I will say, that thread title made me die laughing... 

Nice parents, and I hope you get your roan filly! :grin:


----------



## Allison Finch (Oct 21, 2009)

Bwahaha!!

I read the title and thought........How could THAT happen?


----------



## Dreamcatcher Arabians (Nov 14, 2010)

Allison Finch said:


> Bwahaha!!
> 
> I read the title and thought........How could THAT happen?

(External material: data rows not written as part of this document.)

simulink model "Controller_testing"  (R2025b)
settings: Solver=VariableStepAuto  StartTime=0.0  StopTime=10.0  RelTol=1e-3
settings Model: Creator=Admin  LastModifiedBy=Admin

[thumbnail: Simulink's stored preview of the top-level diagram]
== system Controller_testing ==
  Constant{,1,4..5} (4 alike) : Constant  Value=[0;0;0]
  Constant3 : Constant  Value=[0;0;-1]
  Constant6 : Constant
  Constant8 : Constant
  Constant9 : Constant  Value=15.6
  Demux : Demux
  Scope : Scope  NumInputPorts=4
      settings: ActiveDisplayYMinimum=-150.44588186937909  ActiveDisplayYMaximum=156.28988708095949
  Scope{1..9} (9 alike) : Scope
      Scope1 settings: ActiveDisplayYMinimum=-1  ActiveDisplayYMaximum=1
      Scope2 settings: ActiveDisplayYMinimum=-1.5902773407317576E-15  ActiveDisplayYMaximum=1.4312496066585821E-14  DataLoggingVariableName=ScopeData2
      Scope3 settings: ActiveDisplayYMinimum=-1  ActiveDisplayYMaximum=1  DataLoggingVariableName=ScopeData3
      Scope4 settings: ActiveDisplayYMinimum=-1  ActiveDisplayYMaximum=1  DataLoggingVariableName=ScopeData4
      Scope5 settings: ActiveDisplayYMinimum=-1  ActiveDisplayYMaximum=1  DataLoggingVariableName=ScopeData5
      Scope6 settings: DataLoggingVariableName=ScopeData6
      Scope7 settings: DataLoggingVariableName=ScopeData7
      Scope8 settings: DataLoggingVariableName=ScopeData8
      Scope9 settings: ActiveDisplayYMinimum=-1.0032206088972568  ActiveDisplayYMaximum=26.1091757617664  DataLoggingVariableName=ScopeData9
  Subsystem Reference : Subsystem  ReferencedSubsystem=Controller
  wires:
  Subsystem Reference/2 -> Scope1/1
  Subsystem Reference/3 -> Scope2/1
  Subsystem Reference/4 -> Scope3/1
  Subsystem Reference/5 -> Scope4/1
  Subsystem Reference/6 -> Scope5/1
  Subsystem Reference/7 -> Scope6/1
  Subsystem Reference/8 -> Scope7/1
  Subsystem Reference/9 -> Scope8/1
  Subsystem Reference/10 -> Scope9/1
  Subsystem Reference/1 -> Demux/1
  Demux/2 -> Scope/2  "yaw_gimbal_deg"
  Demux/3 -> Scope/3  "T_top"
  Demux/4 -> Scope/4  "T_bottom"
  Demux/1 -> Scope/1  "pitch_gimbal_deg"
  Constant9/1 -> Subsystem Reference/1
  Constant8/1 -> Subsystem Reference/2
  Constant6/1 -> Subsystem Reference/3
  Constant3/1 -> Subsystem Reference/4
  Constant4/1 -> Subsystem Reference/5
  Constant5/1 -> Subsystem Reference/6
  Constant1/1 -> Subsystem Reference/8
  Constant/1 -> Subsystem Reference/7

LOL! Shame on you! :mrgreen:


----------



## Allison Finch (Oct 21, 2009)

Dreamcatcher Arabians said:


> LOL! Shame on you! :mrgreen:


Hey, with that family, you never know......


----------



## Dreamcatcher Arabians (Nov 14, 2010)

*Just Got Back From The Vet*

For HBB's foal sex check and.......it's a FILET! I'm so jazzed! That's a couple things on my wish list fulfilled. 

Chestnut - check
Filly - check
Roan - ?
Splash - ?
White stockings - ?
Belly Spot - ? 

Wooo HOOO!:runninghorse2:


----------



## FrostedLilly (Nov 4, 2012)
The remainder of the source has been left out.